Information supplied START

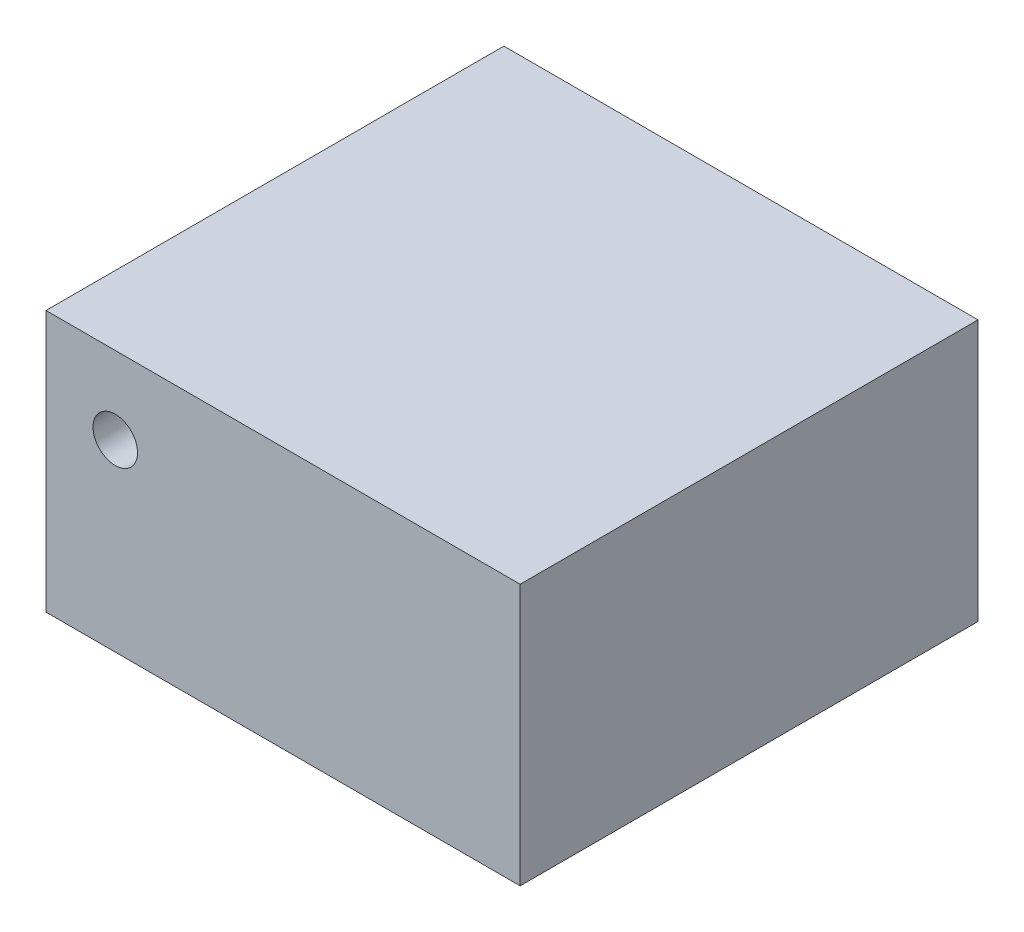
ISO-10303-21;
HEADER;
FILE_DESCRIPTION(('STEP AP214'),'2;1');
FILE_NAME('part.step','',(''),(''),'','','');
FILE_SCHEMA(('AUTOMOTIVE_DESIGN { 1 0 10303 214 1 1 1 1 }'));
ENDSEC;
DATA;
#1=APPLICATION_CONTEXT('core data for automotive mechanical design processes');
#2=APPLICATION_PROTOCOL_DEFINITION('international standard','automotive_design',2000,#1);
#3=PRODUCT_CONTEXT('',#1,'mechanical');
#4=PRODUCT('Part','Part','',(#3));
#5=PRODUCT_RELATED_PRODUCT_CATEGORY('part','',(#4));
#6=PRODUCT_DEFINITION_FORMATION('','',#4);
#7=PRODUCT_DEFINITION_CONTEXT('part definition',#1,'design');
#8=PRODUCT_DEFINITION('design','',#6,#7);
#9=PRODUCT_DEFINITION_SHAPE('','',#8);
#10=(LENGTH_UNIT() NAMED_UNIT(*) SI_UNIT(.MILLI.,.METRE.));
#11=(NAMED_UNIT(*) PLANE_ANGLE_UNIT() SI_UNIT($,.RADIAN.));
#12=(NAMED_UNIT(*) SI_UNIT($,.STERADIAN.) SOLID_ANGLE_UNIT());
#13=UNCERTAINTY_MEASURE_WITH_UNIT(LENGTH_MEASURE(1.E-05),#10,'distance_accuracy_value','');
#14=(GEOMETRIC_REPRESENTATION_CONTEXT(3) GLOBAL_UNCERTAINTY_ASSIGNED_CONTEXT((#13)) GLOBAL_UNIT_ASSIGNED_CONTEXT((#10,
#11,#12)) REPRESENTATION_CONTEXT('',''));
#15=CARTESIAN_POINT('',(0.,0.,0.));
#16=DIRECTION('',(0.,0.,1.));
#17=DIRECTION('',(1.,0.,0.));
#18=AXIS2_PLACEMENT_3D('',#15,#16,#17);
#19=CARTESIAN_POINT('',(0.,0.,0.));
#20=DIRECTION('',(0.,0.,1.));
#21=DIRECTION('',(1.,0.,0.));
#22=AXIS2_PLACEMENT_3D('',#19,#20,#21);
#23=PLANE('',#22);
#24=CARTESIAN_POINT('',(-11.0109,3.4925,0.));
#25=DIRECTION('',(0.,0.,-1.));
#26=DIRECTION('',(-1.,0.,0.));
#27=AXIS2_PLACEMENT_3D('',#24,#25,#26);
#28=CIRCLE('',#27,1.4605);
#29=CARTESIAN_POINT('',(-12.4714,3.4925,0.));
#30=VERTEX_POINT('',#29);
#31=EDGE_CURVE('E199',#30,#30,#28,.T.);
#32=ORIENTED_EDGE('',*,*,#31,.F.);
#33=EDGE_LOOP('',(#32));
#34=FACE_BOUND('',#33,.T.);
#35=DIRECTION('',(0.,-1.,0.));
#36=VECTOR('',#35,1.);
#37=CARTESIAN_POINT('',(6.79450000000001,-6.5913,0.));
#38=LINE('',#37,#36);
#39=CARTESIAN_POINT('',(6.79450000000001,-6.5913,0.));
#40=VERTEX_POINT('',#39);
#41=CARTESIAN_POINT('',(6.79450000000001,-8.5725,0.));
#42=VERTEX_POINT('',#41);
#43=EDGE_CURVE('E266',#40,#42,#38,.T.);
#44=ORIENTED_EDGE('',*,*,#43,.F.);
#45=DIRECTION('',(-1.,0.,0.));
#46=VECTOR('',#45,1.);
#47=CARTESIAN_POINT('',(-2.14629999999999,-6.5913,0.));
#48=LINE('',#47,#46);
#49=CARTESIAN_POINT('',(-2.14629999999999,-6.5913,0.));
#50=VERTEX_POINT('',#49);
#51=EDGE_CURVE('E250',#40,#50,#48,.T.);
#52=ORIENTED_EDGE('',*,*,#51,.T.);
#53=DIRECTION('',(0.,-1.,0.));
#54=VECTOR('',#53,1.);
#55=CARTESIAN_POINT('',(-2.14629999999999,-6.5913,0.));
#56=LINE('',#55,#54);
#57=CARTESIAN_POINT('',(-2.14629999999999,-8.5725,0.));
#58=VERTEX_POINT('',#57);
#59=EDGE_CURVE('E286',#50,#58,#56,.T.);
#60=ORIENTED_EDGE('',*,*,#59,.T.);
#61=DIRECTION('',(1.,0.,0.));
#62=VECTOR('',#61,1.);
#63=CARTESIAN_POINT('',(-15.5575,-8.5725,0.));
#64=LINE('',#63,#62);
#65=CARTESIAN_POINT('',(-15.5575,-8.5725,0.));
#66=VERTEX_POINT('',#65);
#67=EDGE_CURVE('E291',#66,#58,#64,.T.);
#68=ORIENTED_EDGE('',*,*,#67,.F.);
#69=DIRECTION('',(0.,-1.,0.));
#70=VECTOR('',#69,1.);
#71=CARTESIAN_POINT('',(-15.5575,8.5725,0.));
#72=LINE('',#71,#70);
#73=CARTESIAN_POINT('',(-15.5575,8.5725,0.));
#74=VERTEX_POINT('',#73);
#75=EDGE_CURVE('E301',#74,#66,#72,.T.);
#76=ORIENTED_EDGE('',*,*,#75,.F.);
#77=DIRECTION('',(-1.,0.,0.));
#78=VECTOR('',#77,1.);
#79=CARTESIAN_POINT('',(-15.5575,8.5725,0.));
#80=LINE('',#79,#78);
#81=CARTESIAN_POINT('',(15.5575,8.5725,0.));
#82=VERTEX_POINT('',#81);
#83=EDGE_CURVE('E299',#82,#74,#80,.T.);
#84=ORIENTED_EDGE('',*,*,#83,.F.);
#85=DIRECTION('',(0.,1.,0.));
#86=VECTOR('',#85,1.);
#87=CARTESIAN_POINT('',(15.5575,8.5725,0.));
#88=LINE('',#87,#86);
#89=CARTESIAN_POINT('',(15.5575,-8.5725,0.));
#90=VERTEX_POINT('',#89);
#91=EDGE_CURVE('E279',#90,#82,#88,.T.);
#92=ORIENTED_EDGE('',*,*,#91,.F.);
#93=EDGE_CURVE('E78',#42,#90,#64,.T.);
#94=ORIENTED_EDGE('',*,*,#93,.F.);
#95=EDGE_LOOP('',(#44,#52,#60,#68,#76,#84,#92,#94));
#96=FACE_BOUND('',#95,.T.);
#97=ADVANCED_FACE('F33',(#34,#96),#23,.F.);
#98=CARTESIAN_POINT('',(15.5575,8.5725,30.0482));
#99=DIRECTION('',(-1.,0.,0.));
#100=DIRECTION('',(0.,0.,1.));
#101=AXIS2_PLACEMENT_3D('',#98,#99,#100);
#102=PLANE('',#101);
#103=ORIENTED_EDGE('',*,*,#91,.T.);
#104=DIRECTION('',(0.,0.,-1.));
#105=VECTOR('',#104,1.);
#106=CARTESIAN_POINT('',(15.5575,8.5725,30.0482));
#107=LINE('',#106,#105);
#108=CARTESIAN_POINT('',(15.5575,8.5725,30.0482));
#109=VERTEX_POINT('',#108);
#110=EDGE_CURVE('E11',#109,#82,#107,.T.);
#111=ORIENTED_EDGE('',*,*,#110,.F.);
#112=DIRECTION('',(0.,1.,0.));
#113=VECTOR('',#112,1.);
#114=CARTESIAN_POINT('',(15.5575,8.5725,30.0482));
#115=LINE('',#114,#113);
#116=CARTESIAN_POINT('',(15.5575,-8.5725,30.0482));
#117=VERTEX_POINT('',#116);
#118=EDGE_CURVE('E289',#117,#109,#115,.T.);
#119=ORIENTED_EDGE('',*,*,#118,.F.);
#120=DIRECTION('',(0.,0.,-1.));
#121=VECTOR('',#120,1.);
#122=CARTESIAN_POINT('',(15.5575,-8.5725,30.0482));
#123=LINE('',#122,#121);
#124=EDGE_CURVE('E296',#117,#90,#123,.T.);
#125=ORIENTED_EDGE('',*,*,#124,.T.);
#126=EDGE_LOOP('',(#103,#111,#119,#125));
#127=FACE_BOUND('',#126,.T.);
#128=ADVANCED_FACE('F35',(#127),#102,.F.);
#129=CARTESIAN_POINT('',(-15.5575,8.5725,30.0482));
#130=DIRECTION('',(0.,-1.,0.));
#131=DIRECTION('',(0.,0.,-1.));
#132=AXIS2_PLACEMENT_3D('',#129,#130,#131);
#133=PLANE('',#132);
#134=ORIENTED_EDGE('',*,*,#83,.T.);
#135=DIRECTION('',(0.,0.,-1.));
#136=VECTOR('',#135,1.);
#137=CARTESIAN_POINT('',(-15.5575,8.5725,30.0482));
#138=LINE('',#137,#136);
#139=CARTESIAN_POINT('',(-15.5575,8.5725,30.0482));
#140=VERTEX_POINT('',#139);
#141=EDGE_CURVE('E41',#140,#74,#138,.T.);
#142=ORIENTED_EDGE('',*,*,#141,.F.);
#143=DIRECTION('',(-1.,0.,0.));
#144=VECTOR('',#143,1.);
#145=CARTESIAN_POINT('',(-15.5575,8.5725,30.0482));
#146=LINE('',#145,#144);
#147=EDGE_CURVE('E85',#109,#140,#146,.T.);
#148=ORIENTED_EDGE('',*,*,#147,.F.);
#149=ORIENTED_EDGE('',*,*,#110,.T.);
#150=EDGE_LOOP('',(#134,#142,#148,#149));
#151=FACE_BOUND('',#150,.T.);
#152=ADVANCED_FACE('F343',(#151),#133,.F.);
#153=CARTESIAN_POINT('',(-15.5575,8.5725,30.0482));
#154=DIRECTION('',(1.,0.,0.));
#155=DIRECTION('',(0.,1.,0.));
#156=AXIS2_PLACEMENT_3D('',#153,#154,#155);
#157=PLANE('',#156);
#158=ORIENTED_EDGE('',*,*,#75,.T.);
#159=DIRECTION('',(0.,0.,-1.));
#160=VECTOR('',#159,1.);
#161=CARTESIAN_POINT('',(-15.5575,-8.5725,30.0482));
#162=LINE('',#161,#160);
#163=CARTESIAN_POINT('',(-15.5575,-8.5725,30.0482));
#164=VERTEX_POINT('',#163);
#165=EDGE_CURVE('E306',#164,#66,#162,.T.);
#166=ORIENTED_EDGE('',*,*,#165,.F.);
#167=DIRECTION('',(0.,-1.,0.));
#168=VECTOR('',#167,1.);
#169=CARTESIAN_POINT('',(-15.5575,8.5725,30.0482));
#170=LINE('',#169,#168);
#171=EDGE_CURVE('E293',#140,#164,#170,.T.);
#172=ORIENTED_EDGE('',*,*,#171,.F.);
#173=ORIENTED_EDGE('',*,*,#141,.T.);
#174=EDGE_LOOP('',(#158,#166,#172,#173));
#175=FACE_BOUND('',#174,.T.);
#176=ADVANCED_FACE('F312',(#175),#157,.F.);
#177=CARTESIAN_POINT('',(-15.5575,-8.5725,30.0482));
#178=DIRECTION('',(0.,1.,0.));
#179=DIRECTION('',(0.,0.,1.));
#180=AXIS2_PLACEMENT_3D('',#177,#178,#179);
#181=PLANE('',#180);
#182=ORIENTED_EDGE('',*,*,#67,.T.);
#183=DIRECTION('',(0.,0.,-1.));
#184=VECTOR('',#183,1.);
#185=CARTESIAN_POINT('',(-2.14629999999999,-8.5725,-6.19759999999999));
#186=LINE('',#185,#184);
#187=CARTESIAN_POINT('',(-2.14629999999999,-8.5725,-6.19759999999999));
#188=VERTEX_POINT('',#187);
#189=EDGE_CURVE('E48',#58,#188,#186,.T.);
#190=ORIENTED_EDGE('',*,*,#189,.T.);
#191=CARTESIAN_POINT('',(-0.876299999999994,-8.5725,-6.1976));
#192=DIRECTION('',(0.,-1.,0.));
#193=DIRECTION('',(0.,0.,1.));
#194=AXIS2_PLACEMENT_3D('',#191,#192,#193);
#195=CIRCLE('',#194,1.27);
#196=CARTESIAN_POINT('',(-0.876299999999984,-8.5725,-7.4676));
#197=VERTEX_POINT('',#196);
#198=EDGE_CURVE('E269',#188,#197,#195,.T.);
#199=ORIENTED_EDGE('',*,*,#198,.T.);
#200=DIRECTION('',(1.,0.,0.));
#201=VECTOR('',#200,1.);
#202=CARTESIAN_POINT('',(-0.876299999999984,-8.5725,-7.4676));
#203=LINE('',#202,#201);
#204=CARTESIAN_POINT('',(5.5245,-8.5725,-7.4676));
#205=VERTEX_POINT('',#204);
#206=EDGE_CURVE('E272',#197,#205,#203,.T.);
#207=ORIENTED_EDGE('',*,*,#206,.T.);
#208=CARTESIAN_POINT('',(5.52450000000001,-8.5725,-6.1976));
#209=DIRECTION('',(0.,-1.,0.));
#210=DIRECTION('',(0.,0.,-1.));
#211=AXIS2_PLACEMENT_3D('',#208,#209,#210);
#212=CIRCLE('',#211,1.27);
#213=CARTESIAN_POINT('',(6.79450000000001,-8.5725,-6.19759999999999));
#214=VERTEX_POINT('',#213);
#215=EDGE_CURVE('E251',#205,#214,#212,.T.);
#216=ORIENTED_EDGE('',*,*,#215,.T.);
#217=DIRECTION('',(0.,0.,1.));
#218=VECTOR('',#217,1.);
#219=CARTESIAN_POINT('',(6.79450000000001,-8.5725,-6.19759999999999));
#220=LINE('',#219,#218);
#221=EDGE_CURVE('E235',#214,#42,#220,.T.);
#222=ORIENTED_EDGE('',*,*,#221,.T.);
#223=ORIENTED_EDGE('',*,*,#93,.T.);
#224=ORIENTED_EDGE('',*,*,#124,.F.);
#225=DIRECTION('',(1.,0.,0.));
#226=VECTOR('',#225,1.);
#227=CARTESIAN_POINT('',(-15.5575,-8.5725,30.0482));
#228=LINE('',#227,#226);
#229=EDGE_CURVE('E57',#164,#117,#228,.T.);
#230=ORIENTED_EDGE('',*,*,#229,.F.);
#231=ORIENTED_EDGE('',*,*,#165,.T.);
#232=EDGE_LOOP('',(#182,#190,#199,#207,#216,#222,#223,#224,#230,#231));
#233=FACE_BOUND('',#232,.T.);
#234=DIRECTION('',(0.,0.,1.));
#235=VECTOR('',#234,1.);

Information supplied END

**Exercise aim**
Retype the entries above exactly, starting at their first line and ending with the line that holds "#11=(NAMED_UNIT(*) PLANE_ANGLE_UNIT() SI_UNIT($,.RADIAN.));"; pictures stay out.

**Answer below**
ISO-10303-21;
HEADER;
FILE_DESCRIPTION(('STEP AP214'),'2;1');
FILE_NAME('part.step','',(''),(''),'','','');
FILE_SCHEMA(('AUTOMOTIVE_DESIGN { 1 0 10303 214 1 1 1 1 }'));
ENDSEC;
DATA;
#1=APPLICATION_CONTEXT('core data for automotive mechanical design processes');
#2=APPLICATION_PROTOCOL_DEFINITION('international standard','automotive_design',2000,#1);
#3=PRODUCT_CONTEXT('',#1,'mechanical');
#4=PRODUCT('Part','Part','',(#3));
#5=PRODUCT_RELATED_PRODUCT_CATEGORY('part','',(#4));
#6=PRODUCT_DEFINITION_FORMATION('','',#4);
#7=PRODUCT_DEFINITION_CONTEXT('part definition',#1,'design');
#8=PRODUCT_DEFINITION('design','',#6,#7);
#9=PRODUCT_DEFINITION_SHAPE('','',#8);
#10=(LENGTH_UNIT() NAMED_UNIT(*) SI_UNIT(.MILLI.,.METRE.));
#11=(NAMED_UNIT(*) PLANE_ANGLE_UNIT() SI_UNIT($,.RADIAN.));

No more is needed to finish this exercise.